Lisandru Tramoni

Personal information
- Date of birth: 18 April 2003 (age 23)
- Place of birth: Ajaccio, France
- Height: 1.80 m (5 ft 11 in)
- Position: Forward

Team information
- Current team: Rouen
- Number: 19

Youth career
- 2010–2019: Ajaccio
- 2020–2022: Cagliari

Senior career*
- Years: Team / Apps / (Gls)
- 2019–2020: Ajaccio / 1 / (0)
- 2022–2025: Pisa / 28 / (2)
- 2024–2025: → Bastia (loan) / 25 / (1)
- 2025–2026: Zürich / 5 / (0)
- 2025: Zürich II / 2 / (0)
- 2026–: Rouen / 5 / (1)

International career^{‡}
- 2018–2019: France U16 / 12 / (3)
- 2019–2020: France U17 / 6 / (2)

= Lisandru Tramoni =

French footballer (born 2003)

Lisandru Tramoni (born 18 April 2003) is a French professional footballer who plays as a forward for club Rouen.

==Club career==
Tramoni made his professional debut for AC Ajaccio in a 2–1 Ligue 2 loss to Troyes on 21 December 2019, at the age of 16.

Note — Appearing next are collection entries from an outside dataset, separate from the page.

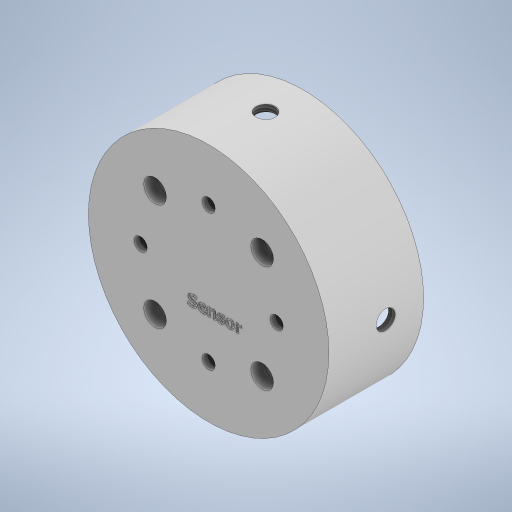
# Autodesk Inventor part: adaptor_sensor_spine
Saved by Autodesk Inventor 2024 (Build 280153000, 153)
## iProperties
Created: 2024-05-24
Part Number: adaptor_sensor_spine
Material: Generic
Document SubType Name: Modeling
Designer: maint
Density: 1 g/cm^3
Appearance: Default
Author: maint
Autodesk Inventor part; units mm, degrees
ref_plane "YZ Plane" through (0, 0, 0) normal (1, 0, 0) x (0, 1, 0)
sketch "Sketch1" plane through (0, 0, 0) normal (0, 0, 1) x (1, 0, 0)
  line L0 (40, -40) -> (-40, -40)
  line L1 (-40, -40) -> (-40, 40)
  line L2 (-40, 40) -> (40, 40)
  line L3 (40, 40) -> (40, -40)
  line L4 (40, -40) -> (-40, 40) construction
  line L5 (-40, -40) -> (40, 40) construction
  circle A0 centre (0, 0) radius 63.5
  dimension "d0" = 80
  dimension "d72" = 127
  constraints: 12 end point, 2 midpoint, 2 parallel, 2 perpendicular, 1 centre point, 1 coincident, 1 horizontal
  measures "d0" distance of L1.end L2.end
  measures "d72" diameter of A0
extrude "Extrusion1" add sketch "Sketch1" along normal blind 10 contours L0 L1 L2 L3 | A0
sketch "Sketch2" plane through (0, 0, 0) normal (0, 0, -1) x (-1, 0, 0)
  arc A0 (40, 37) -> (37, 40) centre (37, 37) ccw
  line L0 (28.2843, -28.2843) -> (-28.2843, -28.2843)
  line L1 (-28.2843, -28.2843) -> (-28.2843, 28.2843)
  line L2 (-28.2843, 28.2843) -> (28.2843, 28.2843)
  line L3 (28.2843, 28.2843) -> (28.2843, -28.2843)
  line L4 (28.2843, -28.2843) -> (-28.2843, 28.2843) construction
  line L5 (-28.2843, -28.2843) -> (28.2843, 28.2843) construction
  circle A1 centre (-28.2843, 28.2843) radius 4.75
  circle A2 centre (28.2843, 28.2843) radius 4.75
  circle A3 centre (28.2843, -28.2843) radius 4.75
  circle A4 centre (-28.2843, -28.2843) radius 4.75
  circle A5 centre (0, 0) radius 40
  point P0 (39.1213, 39.1213)
  dimension "d63" = 12
  dimension "d129" = 80
  dimension "d33" = 9.5
  constraints: 12 end point, 5 centre point, 5 coincident, 3 equal radius, 3 point on circle, 2 midpoint, 2 parallel, 2 perpendicular, 1 horizontal, 3 other
  measures "d33" diameter of A2
hole "Hole3" at (28.2843, -28.2843, 0) at (28.2843, 28.2843, 0) at (-28.2843, 28.2843, 0) at (-28.2843, -28.2843, 0) direction (0, 0, 1) diameter 6.6 end through all
sketch "Sketch10" plane through (0, 0, 10) normal (0, 0, 1) x (1, 0, 0)
  circle A0 centre (28.2843, 28.2843) radius 3.3 projected
  circle A1 centre (28.2843, 28.2843) radius 6
  circle A2 centre (-28.2843, 28.2843) radius 3.3 projected
  circle A3 centre (-28.2843, 28.2843) radius 6
  circle A4 centre (0, 0) radius 40
  line L0 (28.2843, 28.2843) -> (-28.2843, 28.2843)
  line L1 (-28.2843, 28.2843) -> (-28.2843, -28.2843)
  line L2 (-28.2843, -28.2843) -> (28.2843, -28.2843)
  line L3 (28.2843, -28.2843) -> (28.2843, 28.2843)
  circle A5 centre (-28.2843, -28.2843) radius 3.3 projected
  circle A6 centre (-28.2843, -28.2843) radius 6
  circle A7 centre (28.2843, -28.2843) radius 6
  dimension "d63" = 12
  dimension "d127" = 80
  constraints: 8 end point, 5 centre point, 5 coincident, 3 equal radius, 2 parallel, 1 horizontal, 1 perpendicular
  measures "d63" diameter of A1
  measures "d127" diameter of A4
sketch "Sketch11" plane through (-1.9817, 2.6504, 0) normal (0, 0, -1) x (-1, 0, 0)
  line L0 (-12.9782, -14.2221) -> (9.0418, -14.2221) construction
  line L1 (9.0418, -14.2221) -> (9.0418, -6.8756) construction
  line L2 (9.0418, -6.8756) -> (-12.9782, -6.8756) construction
  line L3 (-12.9782, -6.8756) -> (-12.9782, -14.2221) construction
  spline S0 degree 2 poles (-10.4621, -20.5396) (-11.164, -20.5396) (-12.2219, -20.2677) (-12.6767, -20.07) knots 0 0 0 1 2 2 2
  line L4 (-12.6767, -20.07) -> (-12.6767, -18.6166)
  line L5 (-12.6767, -18.6166) -> (-12.5383, -18.6166)
  spline S1 degree 2 poles (-12.5383, -18.6166) (-12.0785, -19.0072) (-10.9762, -19.4273) (-10.4571, -19.4273) knots 0 0 0 1 2 2 2
  spline S2 degree 2 poles (-10.4571, -19.4273) (-10.3237, -19.4273) (-9.8936, -19.368) (-9.7651, -19.3087) knots 0 0 0 1 2 2 2
  spline S3 degree 2 poles (-9.7651, -19.3087) (-9.6069, -19.2395) (-9.3845, -18.9874) (-9.3845, -18.7847) knots 0 0 0 1 2 2 2
  spline S4 degree 2 poles (-9.3845, -18.7847) (-9.3845, -18.5524) (-9.7453, -18.2657) (-9.9925, -18.2014) knots 0 0 0 1 2 2 2
  spline S5 degree 2 poles (-9.9925, -18.2014) (-10.3039, -18.1174) (-11.0108, -17.974) (-11.3222, -17.8653) knots 0 0 0 1 2 2 2
  spline S6 degree 2 poles (-11.3222, -17.8653) (-12.0291, -17.6181) (-12.6421, -16.7728) (-12.6421, -16.1401) knots 0 0 0 1 2 2 2
  spline S7 degree 2 poles (-12.6421, -16.1401) (-12.6421, -15.2849) (-11.1937, -14.2221) (-10.1062, -14.2221) knots 0 0 0 1 2 2 2
  spline S8 degree 2 poles (-10.1062, -14.2221) (-9.5624, -14.2221) (-8.4848, -14.4445) (-8.0597, -14.6324) knots 0 0 0 1 2 2 2
  line L6 (-8.0597, -14.6324) -> (-8.0597, -16.0264)
  line L7 (-8.0597, -16.0264) -> (-8.1931, -16.0264)
  spline S9 degree 2 poles (-8.1931, -16.0264) (-8.5342, -15.7347) (-9.513, -15.3343) (-10.0271, -15.3343) knots 0 0 0 1 2 2 2
  spline S10 degree 2 poles (-10.0271, -15.3343) (-10.2298, -15.3343) (-10.5461, -15.3936) (-10.7241, -15.4727) knots 0 0 0 1 2 2 2
  spline S11 degree 2 poles (-10.7241, -15.4727) (-10.8674, -15.537) (-11.0751, -15.794) (-11.0751, -15.9522) knots 0 0 0 1 2 2 2
  spline S12 degree 2 poles (-11.0751, -15.9522) (-11.0751, -16.1895) (-10.7439, -16.4614) (-10.2693, -16.5701) knots 0 0 0 1 2 2 2
  spline S13 degree 2 poles (-10.2693, -16.5701) (-9.9628, -16.6393) (-9.3943, -16.7728) (-9.0681, -16.8865) knots 0 0 0 1 2 2 2
  spline S14 degree 2 poles (-9.0681, -16.8865) (-8.4353, -17.1188) (-7.8174, -17.89) (-7.8174, -18.5227) knots 0 0 0 1 2 2 2
  spline S15 degree 2 poles (-7.8174, -18.5227) (-7.8174, -19.4323) (-9.246, -20.5396) (-10.4621, -20.5396) knots 0 0 0 1 2 2 2
  spline S16 degree 2 poles (-2.3403, -16.2538) (-2.3403, -16.6789) (-2.6122, -17.45) (-2.8643, -17.7071) knots 0 0 0 1 2 2 2
  spline S17 degree 2 poles (-2.8643, -17.7071) (-3.0175, -17.8702) (-3.3932, -18.1371) (-3.6157, -18.2311) knots 0 0 0 1 2 2 2
  spline S18 degree 2 poles (-3.6157, -18.2311) (-3.843, -18.325) (-4.372, -18.4337) (-4.6982, -18.4337) knots 0 0 0 1 2 2 2
  line L8 (-4.6982, -18.4337) -> (-5.499, -18.4337)
  line L9 (-5.499, -18.4337) -> (-5.499, -20.4308)
  line L10 (-5.499, -20.4308) -> (-7.0315, -20.4308)
  line L11 (-7.0315, -20.4308) -> (-7.0315, -14.3308)
  line L12 (-7.0315, -14.3308) -> (-4.6636, -14.3308)
  spline S19 degree 2 poles (-4.6636, -14.3308) (-4.1396, -14.3308) (-3.3734, -14.5236) (-3.062, -14.7312) knots 0 0 0 1 2 2 2
  spline S20 degree 2 poles (-3.062, -14.7312) (-2.716, -14.9636) (-2.3403, -15.7248) (-2.3403, -16.2538) knots 0 0 0 1 2 2 2
  spline S21 degree 2 poles (-3.9122, -16.2933) (-3.9122, -16.0313) (-4.1594, -15.6606) (-4.3275, -15.5914) knots 0 0 0 1 2 2 2
  spline S22 degree 2 poles (-4.3275, -15.5914) (-4.545, -15.4974) (-4.9404, -15.4678) (-5.2815, -15.4678) knots 0 0 0 1 2 2 2
  line L13 (-5.2815, -15.4678) -> (-5.499, -15.4678)
  line L14 (-5.499, -15.4678) -> (-5.499, -17.2968)
  line L15 (-5.499, -17.2968) -> (-5.3903, -17.2968)
  spline S23 degree 2 poles (-5.3903, -17.2968) (-5.1777, -17.2968) (-4.7922, -17.2869) (-4.6488, -17.2622) knots 0 0 0 1 2 2 2
  spline S24 degree 2 poles (-4.6488, -17.2622) (-4.5252, -17.2424) (-4.2533, -17.1238) (-4.1792, -17.0496) knots 0 0 0 1 2 2 2
  spline S25 degree 2 poles (-4.1792, -17.0496) (-4.021, -16.9013) (-3.9122, -16.5701) (-3.9122, -16.2933) knots 0 0 0 1 2 2 2
  line L16 (1.5155, -20.4308) -> (-1.7669, -20.4308)
  line L17 (-1.7669, -20.4308) -> (-1.7669, -19.368)
  line L18 (-1.7669, -19.368) -> (-0.8919, -19.368)
  line L19 (-0.8919, -19.368) -> (-0.8919, -15.3936)
  line L20 (-0.8919, -15.3936) -> (-1.7669, -15.3936)
  line L21 (-1.7669, -15.3936) -> (-1.7669, -14.3308)
  line L22 (-1.7669, -14.3308) -> (1.5155, -14.3308)
  line L23 (1.5155, -14.3308) -> (1.5155, -15.3936)
  line L24 (1.5155, -15.3936) -> (0.6405, -15.3936)
  line L25 (0.6405, -15.3936) -> (0.6405, -19.368)
  line L26 (0.6405, -19.368) -> (1.5155, -19.368)
  line L27 (1.5155, -19.368) -> (1.5155, -20.4308)
  line L28 (7.7588, -20.4308) -> (6.2857, -20.4308)
  line L29 (6.2857, -20.4308) -> (3.9327, -16.1796)
  line L30 (3.9327, -16.1796) -> (3.9327, -20.4308)
  line L31 (3.9327, -20.4308) -> (2.5338, -20.4308)
  line L32 (2.5338, -20.4308) -> (2.5338, -14.3308)
  line L33 (2.5338, -14.3308) -> (4.4122, -14.3308)
  line L34 (4.4122, -14.3308) -> (6.3599, -17.8257)
  line L35 (6.3599, -17.8257) -> (6.3599, -14.3308)
  line L36 (6.3599, -14.3308) -> (7.7588, -14.3308)
  line L37 (7.7588, -14.3308) -> (7.7588, -20.4308)
  line L38 (8.9996, -20.4308) -> (8.9996, -14.3308)
  line L39 (8.9996, -14.3308) -> (13.1223, -14.3308)
  line L40 (13.1223, -14.3308) -> (13.1223, -15.4925)
  line L41 (13.1223, -15.4925) -> (10.5221, -15.4925)
  line L42 (10.5221, -15.4925) -> (10.5221, -16.5652)
  line L43 (10.5221, -16.5652) -> (12.9196, -16.5652)
  line L44 (12.9196, -16.5652) -> (12.9196, -17.7268)
  line L45 (12.9196, -17.7268) -> (10.5221, -17.7268)
  line L46 (10.5221, -17.7268) -> (10.5221, -19.2692)
  line L47 (10.5221, -19.2692) -> (13.1223, -19.2692)
  line L48 (13.1223, -19.2692) -> (13.1223, -20.4308)
  line L49 (13.1223, -20.4308) -> (8.9996, -20.4308)
  point P0 (0, 0)
  constraints: 2 other
extrude "Extrusion5" cut sketch "Sketch11" against normal blind 1
sketch "Sketch12" plane through (-4.4722, 1.3995, 10) normal (0, 0, 1) x (1, 0, 0)
  line L0 (-6.7643, -10.3972) -> (19.0988, -10.3972) construction
  line L1 (19.0988, -10.3972) -> (19.0988, -6.1489) construction
  line L2 (19.0988, -6.1489) -> (-6.7643, -6.1489) construction
  line L3 (-6.7643, -6.1489) -> (-6.7643, -10.3972) construction
  spline S0 degree 2 poles (-4.2481, -16.7147) (-4.9501, -16.7147) (-6.0079, -16.4428) (-6.4627, -16.2451) knots 0 0 0 1 2 2 2
  line L4 (-6.4627, -16.2451) -> (-6.4627, -14.7918)
  line L5 (-6.4627, -14.7918) -> (-6.3243, -14.7918)
  spline S1 degree 2 poles (-6.3243, -14.7918) (-5.8646, -15.1823) (-4.7622, -15.6025) (-4.2432, -15.6025) knots 0 0 0 1 2 2 2
  spline S2 degree 2 poles (-4.2432, -15.6025) (-4.1097, -15.6025) (-3.6797, -15.5432) (-3.5511, -15.4838) knots 0 0 0 1 2 2 2
  spline S3 degree 2 poles (-3.5511, -15.4838) (-3.3929, -15.4146) (-3.1705, -15.1625) (-3.1705, -14.9599) knots 0 0 0 1 2 2 2
  spline S4 degree 2 poles (-3.1705, -14.9599) (-3.1705, -14.7275) (-3.5314, -14.4408) (-3.7785, -14.3765) knots 0 0 0 1 2 2 2
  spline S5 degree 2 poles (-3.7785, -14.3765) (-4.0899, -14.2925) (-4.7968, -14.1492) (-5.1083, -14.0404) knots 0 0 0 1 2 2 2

He successively signed with Cagliari, with whom he played only at youth level.

On 18 August 2022, Tramoni moved to Pisa, signing a four-year contract with the Tuscan club.

On 27 July 2025, Tramoni signed a three-season contract with Zürich in Switzerland. His contract was terminated on 3 February 2026.

==Personal life==
Tramoni is the younger brother of the footballer Mattéo Tramoni.

In March 2024, Tramoni formally became an Italian citizen, thus becoming eligible to play internationally for Italy as well.